Stored items from a collection:
╔══

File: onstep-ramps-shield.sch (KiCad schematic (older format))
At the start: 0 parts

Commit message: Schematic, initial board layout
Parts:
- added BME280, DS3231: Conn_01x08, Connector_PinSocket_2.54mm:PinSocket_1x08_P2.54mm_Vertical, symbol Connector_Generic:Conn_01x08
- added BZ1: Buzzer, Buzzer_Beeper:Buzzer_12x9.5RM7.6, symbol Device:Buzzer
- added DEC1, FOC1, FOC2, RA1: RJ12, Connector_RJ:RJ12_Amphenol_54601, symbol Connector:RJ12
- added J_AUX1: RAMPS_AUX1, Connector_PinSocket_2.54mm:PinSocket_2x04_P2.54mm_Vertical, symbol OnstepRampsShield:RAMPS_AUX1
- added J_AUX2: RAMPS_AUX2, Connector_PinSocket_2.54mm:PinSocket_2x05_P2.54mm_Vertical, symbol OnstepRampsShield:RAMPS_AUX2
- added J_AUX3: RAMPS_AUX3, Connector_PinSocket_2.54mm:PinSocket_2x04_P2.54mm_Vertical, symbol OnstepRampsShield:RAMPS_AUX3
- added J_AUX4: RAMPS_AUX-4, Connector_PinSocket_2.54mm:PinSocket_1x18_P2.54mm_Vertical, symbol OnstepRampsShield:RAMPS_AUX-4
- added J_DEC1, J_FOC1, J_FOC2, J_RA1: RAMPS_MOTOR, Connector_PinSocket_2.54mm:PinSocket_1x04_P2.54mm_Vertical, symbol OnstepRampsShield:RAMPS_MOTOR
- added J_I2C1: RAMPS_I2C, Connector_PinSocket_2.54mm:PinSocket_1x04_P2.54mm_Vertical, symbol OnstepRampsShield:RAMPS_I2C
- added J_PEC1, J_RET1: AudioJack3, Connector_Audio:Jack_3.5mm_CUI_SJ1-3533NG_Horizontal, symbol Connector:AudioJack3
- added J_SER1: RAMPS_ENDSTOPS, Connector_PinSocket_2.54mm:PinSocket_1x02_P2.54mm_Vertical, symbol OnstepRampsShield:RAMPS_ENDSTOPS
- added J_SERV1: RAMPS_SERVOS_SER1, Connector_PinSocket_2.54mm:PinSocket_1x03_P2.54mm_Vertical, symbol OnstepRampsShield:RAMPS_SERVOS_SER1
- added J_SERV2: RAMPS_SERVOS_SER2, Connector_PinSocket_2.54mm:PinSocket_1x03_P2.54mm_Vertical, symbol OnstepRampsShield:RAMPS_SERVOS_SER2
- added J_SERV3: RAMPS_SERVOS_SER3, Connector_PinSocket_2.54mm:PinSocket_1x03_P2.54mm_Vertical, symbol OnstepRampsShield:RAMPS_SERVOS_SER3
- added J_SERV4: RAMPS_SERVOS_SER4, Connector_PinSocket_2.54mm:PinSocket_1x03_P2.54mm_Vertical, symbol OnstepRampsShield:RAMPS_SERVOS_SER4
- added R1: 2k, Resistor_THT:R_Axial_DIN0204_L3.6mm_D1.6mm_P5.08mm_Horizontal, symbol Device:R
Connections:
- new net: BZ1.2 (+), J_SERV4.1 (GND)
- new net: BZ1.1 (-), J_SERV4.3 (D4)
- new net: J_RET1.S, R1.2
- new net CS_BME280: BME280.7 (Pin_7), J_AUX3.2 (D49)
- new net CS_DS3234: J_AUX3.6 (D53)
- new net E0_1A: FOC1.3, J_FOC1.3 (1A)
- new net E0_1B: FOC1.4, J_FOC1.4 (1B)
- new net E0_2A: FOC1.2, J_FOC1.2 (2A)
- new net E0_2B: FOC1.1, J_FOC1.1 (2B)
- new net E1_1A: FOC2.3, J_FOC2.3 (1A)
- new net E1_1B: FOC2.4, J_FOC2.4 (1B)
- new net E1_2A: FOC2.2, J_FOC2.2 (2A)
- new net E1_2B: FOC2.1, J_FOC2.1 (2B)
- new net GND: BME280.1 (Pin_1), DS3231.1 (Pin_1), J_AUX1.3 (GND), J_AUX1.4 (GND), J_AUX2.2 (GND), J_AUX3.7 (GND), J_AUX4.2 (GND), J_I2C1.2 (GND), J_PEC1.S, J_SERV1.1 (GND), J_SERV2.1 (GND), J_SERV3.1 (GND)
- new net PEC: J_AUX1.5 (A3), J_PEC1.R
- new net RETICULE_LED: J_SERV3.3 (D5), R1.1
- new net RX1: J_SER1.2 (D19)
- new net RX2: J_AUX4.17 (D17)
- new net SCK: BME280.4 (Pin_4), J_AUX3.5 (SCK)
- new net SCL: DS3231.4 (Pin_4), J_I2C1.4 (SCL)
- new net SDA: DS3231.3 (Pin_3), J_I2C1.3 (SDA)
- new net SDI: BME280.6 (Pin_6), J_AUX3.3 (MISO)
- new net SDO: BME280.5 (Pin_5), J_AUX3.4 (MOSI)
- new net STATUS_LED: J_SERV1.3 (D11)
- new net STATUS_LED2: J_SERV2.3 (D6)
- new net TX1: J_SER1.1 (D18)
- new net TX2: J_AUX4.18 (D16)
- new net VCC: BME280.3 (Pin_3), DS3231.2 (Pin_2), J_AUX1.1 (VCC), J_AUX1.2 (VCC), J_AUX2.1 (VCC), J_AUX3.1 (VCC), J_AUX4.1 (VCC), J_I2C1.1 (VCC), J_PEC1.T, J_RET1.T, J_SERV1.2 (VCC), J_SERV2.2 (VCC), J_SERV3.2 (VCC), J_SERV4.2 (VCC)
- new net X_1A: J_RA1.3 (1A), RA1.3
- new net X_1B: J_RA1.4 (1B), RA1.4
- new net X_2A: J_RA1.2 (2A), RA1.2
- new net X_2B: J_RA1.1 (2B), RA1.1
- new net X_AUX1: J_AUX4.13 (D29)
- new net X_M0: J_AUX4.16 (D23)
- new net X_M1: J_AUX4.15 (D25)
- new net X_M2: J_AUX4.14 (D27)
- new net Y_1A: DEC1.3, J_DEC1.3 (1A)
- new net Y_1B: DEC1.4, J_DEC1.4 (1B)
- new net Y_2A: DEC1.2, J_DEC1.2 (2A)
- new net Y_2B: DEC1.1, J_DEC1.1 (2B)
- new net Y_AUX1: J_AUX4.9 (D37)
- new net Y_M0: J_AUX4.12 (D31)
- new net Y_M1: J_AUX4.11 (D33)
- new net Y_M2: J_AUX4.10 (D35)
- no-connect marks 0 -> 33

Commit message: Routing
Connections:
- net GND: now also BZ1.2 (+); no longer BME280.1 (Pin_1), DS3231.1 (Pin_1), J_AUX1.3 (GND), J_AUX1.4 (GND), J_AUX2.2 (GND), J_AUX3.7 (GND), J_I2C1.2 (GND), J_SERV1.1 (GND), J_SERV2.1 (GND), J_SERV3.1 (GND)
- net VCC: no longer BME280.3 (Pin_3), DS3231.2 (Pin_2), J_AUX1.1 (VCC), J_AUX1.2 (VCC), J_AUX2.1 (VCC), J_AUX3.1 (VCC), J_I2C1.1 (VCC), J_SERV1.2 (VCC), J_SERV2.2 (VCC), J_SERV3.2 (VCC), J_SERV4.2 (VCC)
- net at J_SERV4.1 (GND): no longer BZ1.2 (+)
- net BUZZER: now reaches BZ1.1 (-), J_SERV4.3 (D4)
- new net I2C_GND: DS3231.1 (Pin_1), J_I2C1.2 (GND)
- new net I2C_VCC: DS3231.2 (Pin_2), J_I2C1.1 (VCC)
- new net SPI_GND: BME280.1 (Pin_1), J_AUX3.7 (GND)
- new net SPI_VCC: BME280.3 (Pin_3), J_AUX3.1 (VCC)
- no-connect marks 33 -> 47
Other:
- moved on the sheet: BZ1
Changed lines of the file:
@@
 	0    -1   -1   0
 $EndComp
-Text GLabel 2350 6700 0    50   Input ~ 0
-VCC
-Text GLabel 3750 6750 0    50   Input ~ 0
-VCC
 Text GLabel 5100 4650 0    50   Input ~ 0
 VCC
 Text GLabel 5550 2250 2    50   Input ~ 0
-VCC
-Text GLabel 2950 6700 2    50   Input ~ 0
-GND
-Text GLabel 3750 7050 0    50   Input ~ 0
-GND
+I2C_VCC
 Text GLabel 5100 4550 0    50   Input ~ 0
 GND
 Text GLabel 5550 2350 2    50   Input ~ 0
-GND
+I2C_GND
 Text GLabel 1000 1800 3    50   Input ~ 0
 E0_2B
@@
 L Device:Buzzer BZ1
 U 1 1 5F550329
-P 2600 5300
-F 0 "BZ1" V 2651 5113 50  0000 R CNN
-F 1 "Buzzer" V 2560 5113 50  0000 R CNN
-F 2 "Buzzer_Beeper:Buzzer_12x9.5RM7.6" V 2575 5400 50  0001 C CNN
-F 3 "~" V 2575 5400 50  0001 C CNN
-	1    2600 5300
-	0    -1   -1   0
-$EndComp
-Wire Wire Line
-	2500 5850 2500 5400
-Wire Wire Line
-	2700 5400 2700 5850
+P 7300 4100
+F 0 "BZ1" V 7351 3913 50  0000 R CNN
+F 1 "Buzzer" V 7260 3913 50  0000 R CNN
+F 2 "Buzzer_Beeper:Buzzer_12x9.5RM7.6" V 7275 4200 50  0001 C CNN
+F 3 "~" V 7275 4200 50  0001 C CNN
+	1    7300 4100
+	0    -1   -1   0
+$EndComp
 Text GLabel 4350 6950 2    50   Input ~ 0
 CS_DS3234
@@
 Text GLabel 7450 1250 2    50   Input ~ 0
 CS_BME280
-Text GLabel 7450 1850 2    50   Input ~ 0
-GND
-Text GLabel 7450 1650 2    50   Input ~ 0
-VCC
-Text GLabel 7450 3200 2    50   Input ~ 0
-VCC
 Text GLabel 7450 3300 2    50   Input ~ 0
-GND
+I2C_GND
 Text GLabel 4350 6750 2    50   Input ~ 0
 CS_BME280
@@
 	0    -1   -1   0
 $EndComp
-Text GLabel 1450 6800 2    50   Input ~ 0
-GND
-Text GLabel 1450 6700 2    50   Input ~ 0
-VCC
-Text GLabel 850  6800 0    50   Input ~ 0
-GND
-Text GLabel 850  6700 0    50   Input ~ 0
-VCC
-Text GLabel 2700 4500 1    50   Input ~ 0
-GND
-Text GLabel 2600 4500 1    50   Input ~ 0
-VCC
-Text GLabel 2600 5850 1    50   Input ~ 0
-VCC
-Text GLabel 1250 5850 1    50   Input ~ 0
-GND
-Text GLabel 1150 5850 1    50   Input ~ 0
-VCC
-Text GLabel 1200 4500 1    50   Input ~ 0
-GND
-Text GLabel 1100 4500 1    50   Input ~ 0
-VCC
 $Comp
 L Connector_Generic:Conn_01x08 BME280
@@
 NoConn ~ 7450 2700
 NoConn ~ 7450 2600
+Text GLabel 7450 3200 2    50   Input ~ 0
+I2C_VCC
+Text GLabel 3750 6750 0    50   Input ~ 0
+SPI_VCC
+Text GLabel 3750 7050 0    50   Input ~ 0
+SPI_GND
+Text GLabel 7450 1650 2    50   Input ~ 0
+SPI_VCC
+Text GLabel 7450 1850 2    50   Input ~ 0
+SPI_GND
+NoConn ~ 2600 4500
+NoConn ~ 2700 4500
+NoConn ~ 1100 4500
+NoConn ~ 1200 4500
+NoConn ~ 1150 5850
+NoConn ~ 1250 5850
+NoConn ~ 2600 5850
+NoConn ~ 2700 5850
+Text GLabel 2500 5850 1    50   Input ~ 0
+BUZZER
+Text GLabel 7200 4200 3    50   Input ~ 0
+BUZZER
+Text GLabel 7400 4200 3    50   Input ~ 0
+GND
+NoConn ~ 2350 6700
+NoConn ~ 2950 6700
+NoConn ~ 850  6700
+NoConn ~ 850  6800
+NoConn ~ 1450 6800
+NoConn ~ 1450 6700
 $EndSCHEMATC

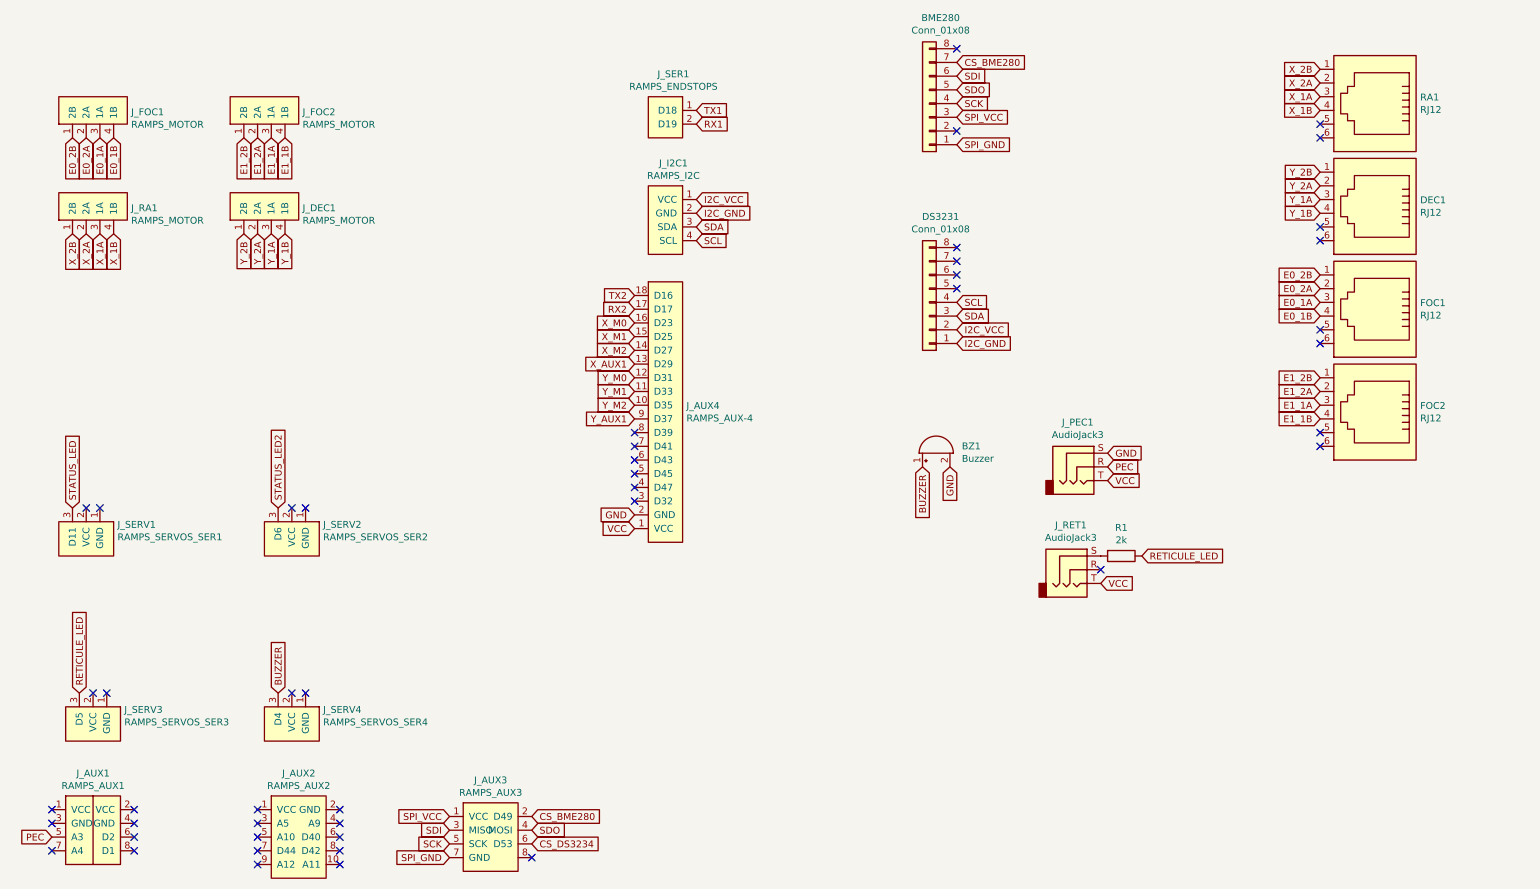
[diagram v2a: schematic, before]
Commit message: Include HC05
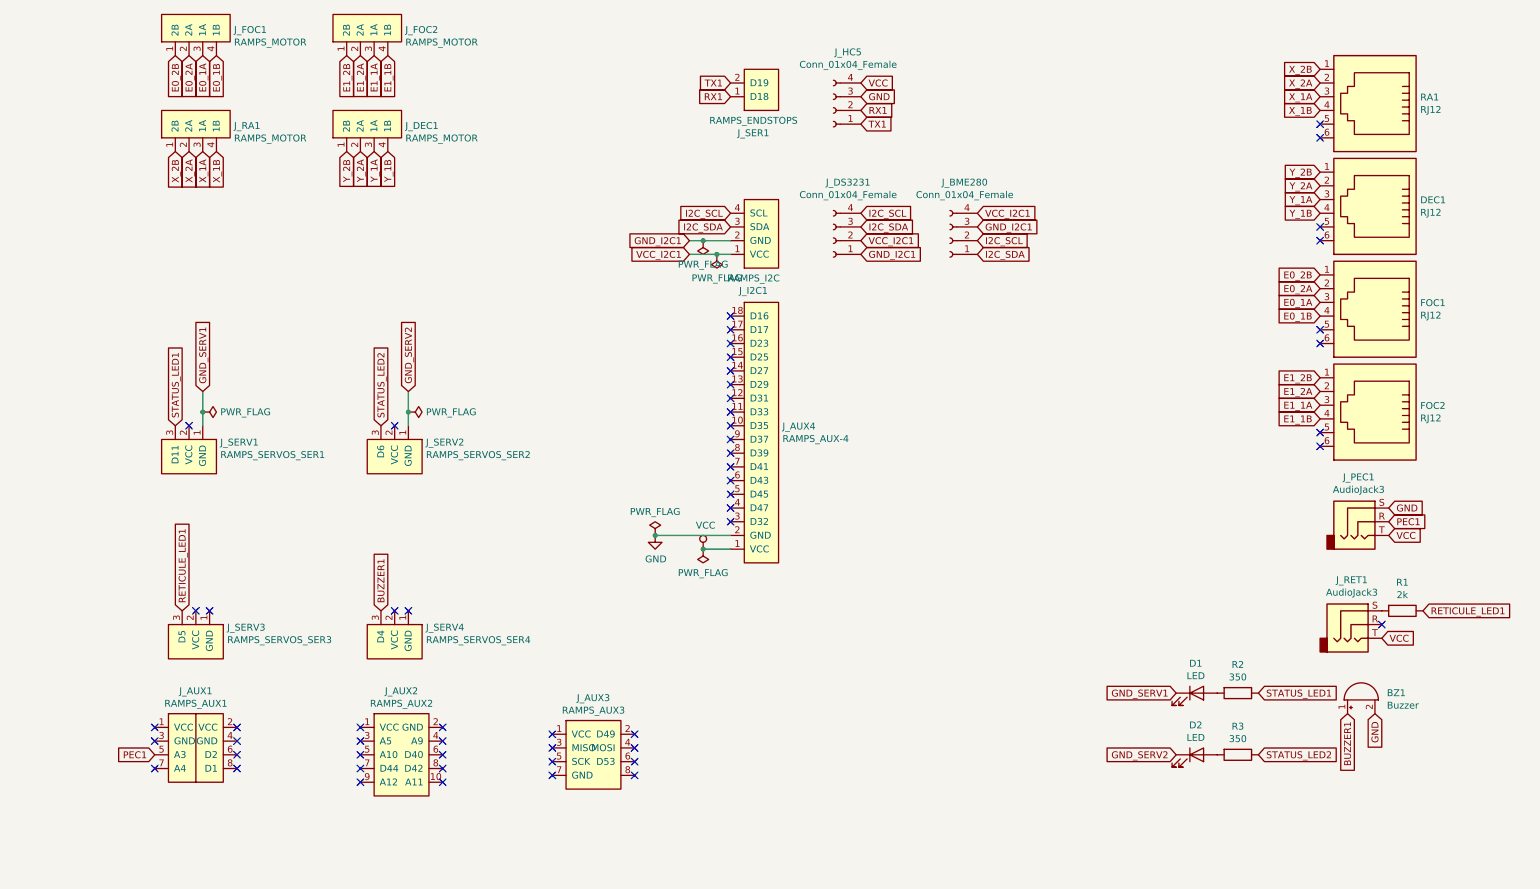
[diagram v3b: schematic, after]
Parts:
- removed BME280, DS3231: Conn_01x08, Connector_PinSocket_2.54mm:PinSocket_1x08_P2.54mm_Vertical, symbol Connector_Generic:Conn_01x08
- added D1, D2: LED, LED_SMD:LED_0603_1608Metric_Pad1.05x0.95mm_HandSolder, symbol Device:LED
- added J_BME280, J_DS3231, J_HC5: Conn_01x04_Female, Connector_PinSocket_2.54mm:PinSocket_1x04_P2.54mm_Vertical, symbol Connector:Conn_01x04_Female
- added R2, R3: 350, Resistor_SMD:R_0603_1608Metric_Pad1.05x0.95mm_HandSolder, symbol Device:R
- R1: footprint Resistor_THT:R_Axial_DIN0204_L3.6mm_D1.6mm_P5.08mm_Horizontal -> Resistor_SMD:R_0603_1608Metric_Pad1.05x0.95mm_HandSolder
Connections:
- net GND: now also J_HC5.3 (Pin_3)
- net RX1: now also J_SER1.1 (D18), J_HC5.2 (Pin_2); no longer J_SER1.2 (D19)
- net STATUS_LED2: now also R3.1
- net TX1: now also J_SER1.2 (D19), J_HC5.1 (Pin_1); no longer J_SER1.1 (D18)
- net VCC: now also J_HC5.4 (Pin_4)
- net GND_SERV1: now reaches J_SERV1.1 (GND)
- net GND_SERV1: now also D1.1 (K)
- net GND_SERV2: now reaches J_SERV2.1 (GND)
- net GND_SERV2: now also D2.1 (K)
- net BUZZER renamed BUZZER1
- net CS_BME280: no longer names the net of J_AUX3.2 (D49)
- net CS_DS3234: no longer names the net of J_AUX3.6 (D53)
- net I2C_GND renamed GND_I2C1
- net GND_I2C1: now also J_BME280.3 (Pin_3), J_DS3231.1 (Pin_1)
- net I2C_VCC renamed VCC_I2C1
- net VCC_I2C1: now also J_BME280.4 (Pin_4), J_DS3231.2 (Pin_2)
- net PEC renamed PEC1
- net RETICULE_LED renamed RETICULE_LED1
- net RX2: no longer names the net of J_AUX4.17 (D17)
- net SCK: no longer names the net of J_AUX3.5 (SCK)
- net SCL renamed I2C_SCL
- net I2C_SCL: now also J_BME280.2 (Pin_2), J_DS3231.4 (Pin_4)
- net SDA renamed I2C_SDA
- net I2C_SDA: now also J_BME280.1 (Pin_1), J_DS3231.3 (Pin_3)
- net SDI: no longer names the net of J_AUX3.3 (MISO)
- net SDO: no longer names the net of J_AUX3.4 (MOSI)
- net SPI_GND: no longer names the net of J_AUX3.7 (GND)
- net SPI_VCC: no longer names the net of J_AUX3.1 (VCC)
- net STATUS_LED renamed STATUS_LED1
- net STATUS_LED1: now also R2.1
- net TX2: no longer names the net of J_AUX4.18 (D16)
- net X_AUX1: no longer names the net of J_AUX4.13 (D29)
- net X_M0: no longer names the net of J_AUX4.16 (D23)
- net X_M1: no longer names the net of J_AUX4.15 (D25)
- net X_M2: no longer names the net of J_AUX4.14 (D27)
- net Y_AUX1: no longer names the net of J_AUX4.9 (D37)
- net Y_M0: no longer names the net of J_AUX4.12 (D31)
- net Y_M1: no longer names the net of J_AUX4.11 (D33)
- net Y_M2: no longer names the net of J_AUX4.10 (D35)
- new net: D1.2 (A), R2.2
- new net: D2.2 (A), R3.2
- no-connect marks 47 -> 56
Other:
- moved on the sheet: BZ1, J_AUX1, J_AUX2, J_AUX3, J_AUX4, J_DEC1, J_FOC1, J_FOC2, J_I2C1, J_PEC1, J_RA1, J_RET1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

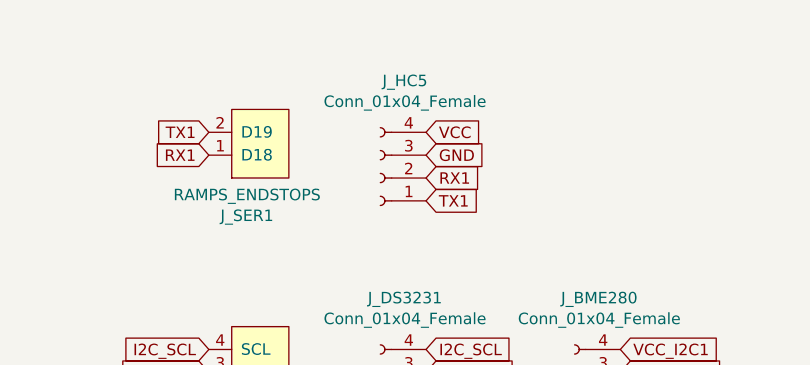
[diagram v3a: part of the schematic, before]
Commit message: Reorder components
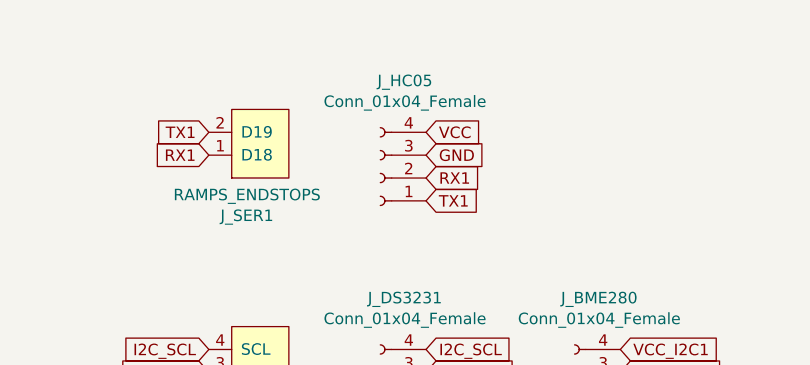
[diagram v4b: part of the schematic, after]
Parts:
- renumbered J_HC5 to J_HC05
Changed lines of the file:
@@
 $EndComp
 $Comp
-L Connector:Conn_01x04_Female J_HC5
+L Connector:Conn_01x04_Female J_HC05
 U 1 1 5F53C3AF
 P 6550 1600
-F 0 "J_HC5" H 6442 1175 50  0000 C CNN
+F 0 "J_HC05" H 6442 1175 50  0000 C CNN
 F 1 "Conn_01x04_Female" H 6442 1266 50  0000 C CNN
 F 2 "Connector_PinSocket_2.54mm:PinSocket_1x04_P2.54mm_Vertical" H 6550 1600 50  0001 C CNN

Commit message: Update connectors
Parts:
- J_PEC1, J_RET1: footprint Connector_Audio:Jack_3.5mm_CUI_SJ1-3533NG_Horizontal -> Connector_Audio:Jack_3.5mm_CUI_SJ1-3533NG_Horizontal_CircularHoles
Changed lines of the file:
@@
 F 0 "J_PEC1" H 10382 4925 50  0000 C CNN
 F 1 "AudioJack3" H 10382 4834 50  0000 C CNN
-F 2 "Connector_Audio:Jack_3.5mm_CUI_SJ1-3533NG_Horizontal" H 10400 4600 50  0001 C CNN
+F 2 "Connector_Audio:Jack_3.5mm_CUI_SJ1-3533NG_Horizontal_CircularHoles" H 10400 4600 50  0001 C CNN
 F 3 "~" H 10400 4600 50  0001 C CNN
 	1    10400 4600
@@
 F 0 "J_RET1" H 10332 5675 50  0000 C CNN
 F 1 "AudioJack3" H 10332 5584 50  0000 C CNN
-F 2 "Connector_Audio:Jack_3.5mm_CUI_SJ1-3533NG_Horizontal" H 10350 5350 50  0001 C CNN
+F 2 "Connector_Audio:Jack_3.5mm_CUI_SJ1-3533NG_Horizontal_CircularHoles" H 10350 5350 50  0001 C CNN
 F 3 "~" H 10350 5350 50  0001 C CNN
 	1    10350 5350

╚══

What you need to do
Within the entries above, count the lines that include "footprint". The answer is that number alone.

Your solution
2